2) On Friday (Aug 21), the Joint Case Mgt Conference Statement was filed. This document provides a summary of actions to date, and outlines pending motions awaiting the courts decision. Of these the two main decisions the court will render is on the Plaintiffs motion for leave to file a Fourth Amended Complaint, and more importantly a ruling on the Class Certification motion. This phase of the case hinges on the outcome of the latter motion. A copy of this document can be found over on the WMOwners.com website in this thread.

3) On Wed (Aug 19), the Judge cancelled the hearing of oral arguments regarding the Motion to Adopt And Modify Special Master’s Report And Recommendation. This motion involves Wyndham's Expert Report that had been referred to a Special Master for consideration. The Special Master had made the recommendation that the Expert Report should be allowed. In cancelling oral arguments, the Judge offered the opinion that: 

*"all pending matters will be ripe for decision and the Court shall issue an order or orders on these matters in due course." *

Also in the Case Mgt Statement, both parties outlined their proposed schedule if the case should move forward. The Plaintiffs are recommending a schedule that would bring the case to trial on November 8, 2010. Wyndham is recommending a trial date starting 18 months after the court rules on the pending motions. 

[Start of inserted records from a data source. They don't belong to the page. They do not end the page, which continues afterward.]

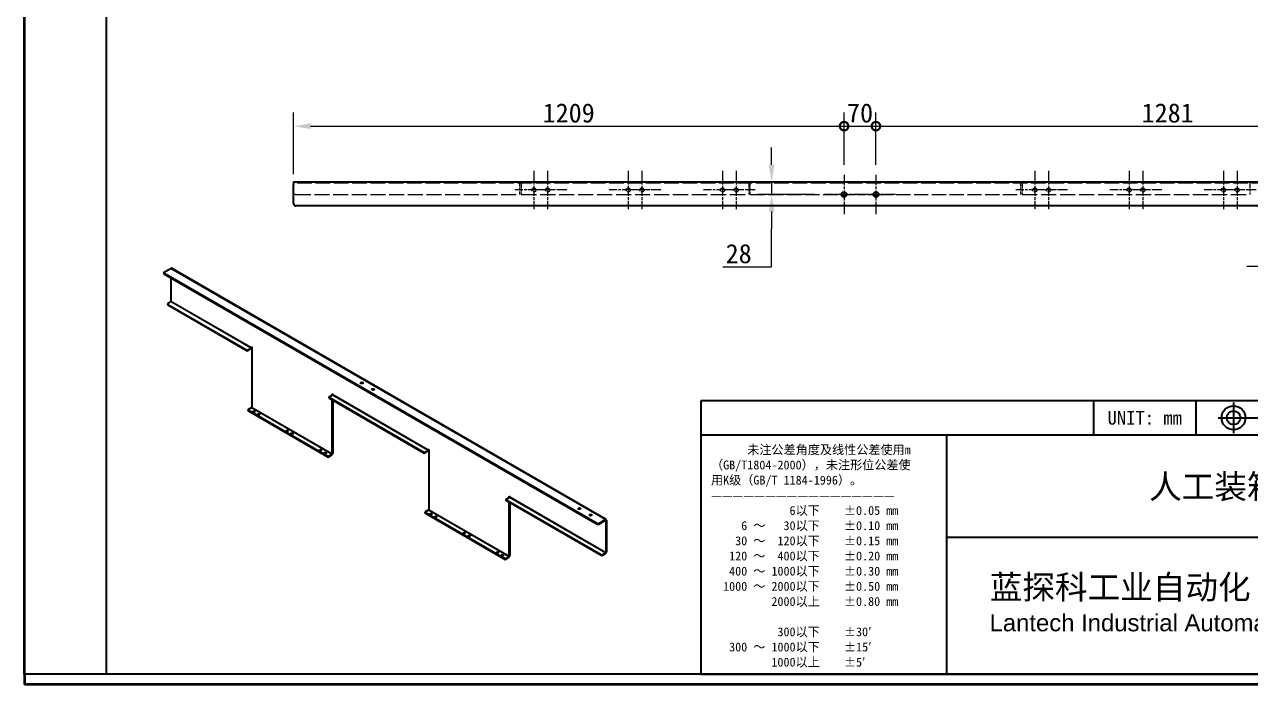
# Model space of a CAD drawing. Header units: millimetres. Extents: x 90 to 4373, y 82 to 3068.
# Drawn here: x 90 to 2782, y 82 to 1530 of the extents above; entities that cross this region are included whole.
import ezdxf
from ezdxf.enums import TextEntityAlignment as Align

# ---------------------------------------------------------------- set-up
doc = ezdxf.new("R2010")
doc.units = ezdxf.units.MM
doc.header["$LTSCALE"] = 15
doc.linetypes.add('CHAIN', pattern=[0.3543, 0.2362, -0.0295, 0.0591, -0.0295])
doc.linetypes.add('DASHED', pattern=[0.2067, 0.1654, -0.0413])
for name, color, linetype, lineweight in [('1', 7, 'Continuous', 18), ('可见 (ISO)', 7, 'Continuous', 25), ('可见窄的 (ISO)', 7, 'Continuous', 18), ('图框 (ISO)', 7, 'Continuous', 35), ('标题 (ISO)', 7, 'Continuous', 25)]:
    doc.layers.add(name, color=color, linetype=linetype, lineweight=lineweight)
for name, color, linetype, lineweight, true_color in [('中心标记 (ISO)', 1, 'CHAIN', 18, 0xff0000), ('尺寸 (ISO)', 7, 'Continuous', 18, 0x008000), ('符号 (ISO)', 7, 'Continuous', 18, 0x008000), ('隐藏 (ISO)', 5, 'DASHED', 18, 0x0000ff)]:
    doc.layers.add(name, color=color, linetype=linetype, lineweight=lineweight, true_color=true_color)
doc.styles.add('文本样式164', font='SimSun.ttf')
doc.styles.add('文本样式165', font='SimSun.ttf')
doc.styles.add('文本样式74', font='SimSun.ttf')
doc.styles.add('最新国标', font='simfang.ttf')
doc.styles.add('注释文本 (ISO)', font='simfang.ttf')
doc.dimstyles.new('默认 (GB)', dxfattribs={"dimscale": 15, "dimtxt": 2.8, "dimasz": 2.5, "dimexe": 2, "dimexo": 1.5, "dimgap": 0.5, "dimtad": 1, "dimtoh": 1, "dimdsep": 46, "dimtxsty": '最新国标', "dimcen": 0.09, "dimdle": 10, "dimclrd": 256, "dimclre": 256, "dimclrt": 256, "dimaunit": 1, "dimadec": 3, "dimazin": 2, "dimtfac": 0.535714, "dimtdec": 3, "dimtmove": 0, "dimatfit": 3, "dimfxl": 0, "dimtolj": 1, "dimlwd": -1, "dimlwe": -1, "dimarcsym": 0})
doc.dimstyles.new('默认 (GB)$7', dxfattribs={"dimscale": 15, "dimtxt": 2.8, "dimasz": 2.5, "dimexe": 2, "dimexo": 1.5, "dimgap": 0.5, "dimtad": 1, "dimtoh": 1, "dimdsep": 46, "dimtxsty": '最新国标', "dimcen": 0.09, "dimdle": 10, "dimclrd": 256, "dimclre": 256, "dimclrt": 256, "dimaunit": 1, "dimadec": 3, "dimazin": 2, "dimtfac": 0.535714, "dimtdec": 3, "dimtmove": 0, "dimatfit": 3, "dimfxl": 0, "dimtolj": 1, "dimlwd": -1, "dimlwe": -1, "dimarcsym": 0})

# ---------------------------------------------------------------- blocks, each defined once
blk = doc.blocks.new('图框 最新国标')
at = {"layer": '图框 (ISO)'}
for p, q in [((6, 7), (6, 204.5)), ((6, 7), (6, 5.5)), ((6, 7), (6, 5.5)), ((291.5, 5.5), (6, 5.5))]:
    blk.add_line(p, q, dxfattribs=at)
at = {"layer": '图框 (ISO)', "color": 7, "linetype": 'Continuous', "lineweight": 25}
for p, q in [((18, 7), (18, 203)), ((290, 7), (6, 7)), ((290, 7), (18, 7))]:
    blk.add_line(p, q, dxfattribs=at)
at = {"layer": '图框 (ISO)', "style": '文本样式74'}
blk.add_attdef('零件代号_001', (44.46, 200.25), '', height=2.5, rotation=180, dxfattribs=at)
blk = doc.blocks.new('标题栏 最新国标')
at = {"layer": '标题 (ISO)'}
for p, q in [((381.98, -183.84), (196.98, -183.84)), ((196.98, -183.84), (196.98, -223.84)), ((254.48, -183.84), (254.48, -188.84)), ((269.48, -183.84), (269.48, -188.84)), ((196.98, -188.84), (381.98, -188.84)), ((232.98, -188.84), (232.98, -223.84)), ((321.98, -203.84), (232.98, -203.84)), ((196.98, -223.84), (381.98, -223.84)), ((383.48, -225.34), (196.98, -225.34))]:
    blk.add_line(p, q, dxfattribs=at)
at = {"layer": '标题 (ISO)', "linetype": 'CHAIN', "ltscale": 5.000333}
blk.add_line((274.98, -184.09), (274.98, -188.59), dxfattribs=at)
at = {"layer": '标题 (ISO)', "linetype": 'CHAIN', "ltscale": 15.834605}
blk.add_line((272.73, -186.34), (286.98, -186.34), dxfattribs=at)
at = {"layer": '标题 (ISO)'}
for radius in [1.75, 1]:
    blk.add_circle((274.98, -186.34), radius, dxfattribs=at)
at = {"layer": '1', "style": '文本样式164'}
blk.add_text('UNIT: mm', height=2, dxfattribs=at).set_placement((261.98, -186.34), align=Align.MIDDLE_CENTER)
at = {"layer": '标题 (ISO)', "style": '注释文本 (ISO)'}
for s, insert, char_height, attachment_point, line_spacing_factor in [('\\fSimSun|b0|i0;{\\H1.3000;      未注公差角度及线性公差使用m\\P}\\fSimSun|b0|i0;{\\H1.3000;（GB/T1804-2000），未注形位公差使\\P}\\fSimSun|b0|i0;{\\H1.3000;用K级（GB/T 1184-1996）。\\P}\\fSimSun|b0|i0;{\\H1.3000;—————————————————\\P}\\fSimSun|b0|i0;{\\H1.3000;             6以下    ±0.05 mm\\P}\\fSimSun|b0|i0;{\\H1.3000;     6 ～   30以下    ±0.10 mm\\P}\\fSimSun|b0|i0;{\\H1.3000;    30 ～  120以下    ±0.15 mm\\P}\\fSimSun|b0|i0;{\\H1.3000;   120 ～  400以下    ±0.20 mm\\P}\\fSimSun|b0|i0;{\\H1.3000;   400 ～ 1000以下    ±0.30 mm\\P}\\fSimSun|b0|i0;{\\H1.3000;  1000 ～ 2000以下    ±0.50 mm\\P}\\fSimSun|b0|i0;{\\H1.3000;          2000以上    ±0.80 mm\\P}\\fSimSun|b0|i0;{\\H1.3000;\\P}\\fSimSun|b0|i0;{\\H1.3000;           300以下    ±30′\\P}\\fSimSun|b0|i0;{\\H1.3000;   300 ～ 1000以下    ±15′\\P}\\fSimSun|b0|i0;{\\H1.3000;          1000以上    ±5′}', (198.48, -206.63), 1.3, 4, 1.023913), ('{\\fMicrosoft YaHei|b0|i0|c134|p34;\\H1.75x;蓝探科工业自动化（江苏）有限公司\\P\\fArial|b0|i0|c0|p34;\\H0.71429x;Lantech Industrial Automation (Jiangsu) Co., Ltd\\fFangSong|b0|i0|c134|p49;.\\H1.15195x; }', (277.48, -213.84), 2, 5, 0.978695)]:
    blk.add_mtext(s, dxfattribs=dict(at, insert=insert, char_height=char_height, attachment_point=attachment_point, line_spacing_factor=line_spacing_factor))
at = {"layer": '标题 (ISO)'}
for tag, p, height, style in [('材料_001', (320.09, -187.33), 2, '注释文本 (ISO)'), ('设计人_001', (353.65, -192.33), 2, '注释文本 (ISO)'), ('库存编号_001', (262.62, -198.15), 3.5, '文本样式165'), ('设计人_001', (353.65, -197.33), 2, '注释文本 (ISO)'), ('视图比例_001', (338.53, -202.33), 2, '注释文本 (ISO)'), ('质量\\P3;_001', (371.53, -202.3), 2, '注释文本 (ISO)'), ('零件代号_001', (345.44, -215.59), 3.5, '文本样式165')]:
    blk.add_attdef(tag, p, '', height=height, dxfattribs=dict(at, style=style))
blk = doc.blocks.new('_DotSmall')
at = {"color": 0, "linetype": 'ByBlock', "const_width": 0.5}
blk.add_lwpolyline([(-0.0625, 0, 1), (0.0625, 0, 1)], format="xyb", close=True, dxfattribs=at)
blk = doc.blocks.new('*D23')
at = {"layer": 'Defpoints', "color": 0, "transparency": 16777216}
for p in [(1889.7, 1307.4), (1889.7, 1200.4), (680.7, 1179.4)]:
    blk.add_point(p, dxfattribs=at)
at = {"layer": '尺寸 (ISO)', "color": 116, "true_color": 0x00803f, "transparency": 16777216}
for p, q in [((680.7, 1201.9), (680.7, 1337.4)), ((1889.7, 1222.9), (1889.7, 1337.4)), ((718.2, 1307.4), (1889.7, 1307.4))]:
    blk.add_line(p, q, dxfattribs=at)
blk.add_solid([(718.2, 1313.6), (718.2, 1301.1), (680.7, 1307.4)], dxfattribs=at)
at = {"layer": '尺寸 (ISO)', "color": 116, "true_color": 0x00803f, "transparency": 16777216, "xscale": 37.5, "yscale": 37.5, "zscale": 37.5}
blk.add_blockref('_DotSmall', (1889.7, 1307.4), dxfattribs=at)
at = {"layer": '尺寸 (ISO)', "transparency": 16777216, "insert": (1285, 1336.1), "char_height": 42, "attachment_point": 5, "style": '最新国标'}
blk.add_mtext('\\A1;1209', dxfattribs=at)
blk = doc.blocks.new('*D24')
at = {"layer": 'Defpoints', "color": 0, "transparency": 16777216}
for p in [(1959.7, 1307.4), (1889.7, 1200.4), (1959.7, 1200.4)]:
    blk.add_point(p, dxfattribs=at)
at = {"layer": '尺寸 (ISO)', "color": 116, "true_color": 0x00803f, "transparency": 16777216}
for p, q in [((1889.7, 1222.9), (1889.7, 1337.4)), ((1959.7, 1222.9), (1959.7, 1337.4)), ((1889.7, 1307.4), (1959.7, 1307.4))]:
    blk.add_line(p, q, dxfattribs=at)
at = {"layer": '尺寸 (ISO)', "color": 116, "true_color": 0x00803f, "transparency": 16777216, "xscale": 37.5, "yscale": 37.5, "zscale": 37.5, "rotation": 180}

The next date on the docket is an Aug. 28 Case Mgt Conference.


----------



## BocaBum99 (Aug 23, 2009)

What does this mean in plain English?


----------



## ecwinch (Aug 24, 2009)

BocaBum99 said:


> What does this mean in plain English?



It is a legal case, so define "plain English". 

BTW - Not sure if you are being sarcastic or just looking for a football score type report (At the half - Plaintiffs 21, Defendants 13 - the Plaintiffs ground game is pounding them) 

I guess I could have written:

1) The judge denied a motion
2) A case mgt statement was filed
3) The judge is getting ready to rule on some stuff

I can adopt that style in the future if that is the detail that people would like. 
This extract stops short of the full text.